BEGIN Supplied records
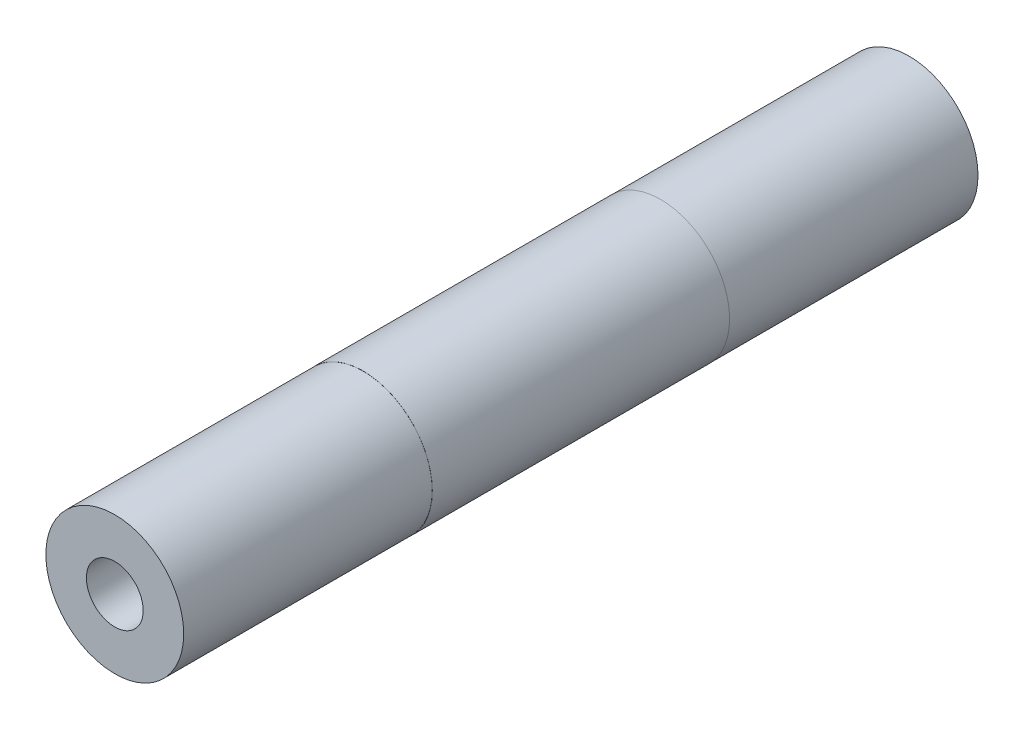
SolidWorks part; units mm, degrees
material "SS 304 (Default)"
ref_plane "Front Plane" through (0, 0, 0) normal (0, 0, 1) x (1, 0, 0)
ref_plane "Top Plane" through (0, 0, 0) normal (0, 1, 0) x (1, 0, 0)
ref_plane "Right Plane" through (0, 0, 0) normal (1, 0, 0) x (0, 0, -1)
sketch "Sketch1" plane through (0, 0, 0) normal (0, 0, 1) x (1, 0, 0)
  circle A0 centre (0, 0) radius 7.9375
  dimension "Diameter" = 15.875
extrude "Extrude1" add sketch "Sketch1" along normal mid plane 91.3384
hole_wizard "5/16-18 Tapped Hole1" positions "Sketch2" profile "Sketch3" tap size "5/16-18" standard "ANSI Inch"
sketch "Sketch2" plane through (0, 0, 45.6692) normal (0, 0, 1) x (1, 0, 0)
  point P0 (0, 0)
sketch "Sketch3" plane through (0, 0, 45.6692) normal (1, 0, 0) x (0, -1, 0)
  line L0 (0, 0) -> (0, 22.0271)
  line L1 (0, 22.0271) -> (3.2639, 20.066)
  line L2 (3.2639, 20.066) -> (3.2639, 0)
  line L5 (3.2639, 0) -> (0, 0)
  line L10 (0, 22.0271) -> (-3.2639, 20.066) construction
  line L11 (0, -6.35) -> (0, 107.95) construction
  dimension "Tap Drill Dia." = 6.5278
  dimension "Tap Drill Depth" = 20.066
  dimension "Drill Angle" = 118
cosmetic thread "Hole Thread1" parameters "D1"=16.002, "D2"=7.9375
hole_wizard "5/16-18 Tapped Hole2" positions "Sketch4" profile "Sketch5" tap size "5/16-18" standard "ANSI Inch"
sketch "Sketch4" plane through (0, 0, -45.6692) normal (0, 0, -1) x (-1, 0, 0)
  point P0 (0, 0)
sketch "Sketch5" plane through (0, 0, -45.6692) normal (1, 0, 0) x (0, 1, 0)
  line L0 (0, 0) -> (0, 22.0271)
  line L1 (0, 22.0271) -> (3.2639, 20.066)
  line L2 (3.2639, 20.066) -> (3.2639, 0)
  line L5 (3.2639, 0) -> (0, 0)
  line L10 (0, 22.0271) -> (-3.2639, 20.066) construction
  line L11 (0, -6.35) -> (0, 107.95) construction
  dimension "Tap Drill Dia." = 6.5278
  dimension "Tap Drill Depth" = 20.066
  dimension "Drill Angle" = 118
cosmetic thread "Hole Thread2" parameters "D1"=16.002, "D2"=7.9375
sketch "Sketch6" plane through (0, 0, 45.6692) normal (0, 0, 1) x (1, 0, 0)
  circle A0 centre (0, 0) radius 7.9248
  circle A1 centre (0, 0) radius 7.9375 construction
  circle A2 centre (0, 0) radius 7.9375
  dimension "D1" = 15.8496
extrude "Cut-Extrude1" cut sketch "Sketch6" against normal blind 28.575
mirror "Mirror1" about plane through (0, 0, 0) normal (0, 0, 1) of "Cut-Extrude1"
END Supplied records
[Your assignment] Return word for word the line with "normal blind 28.575" and every line after it through the end of the records above.

[The answer]
extrude "Cut-Extrude1" cut sketch "Sketch6" against normal blind 28.575
mirror "Mirror1" about plane through (0, 0, 0) normal (0, 0, 1) of "Cut-Extrude1"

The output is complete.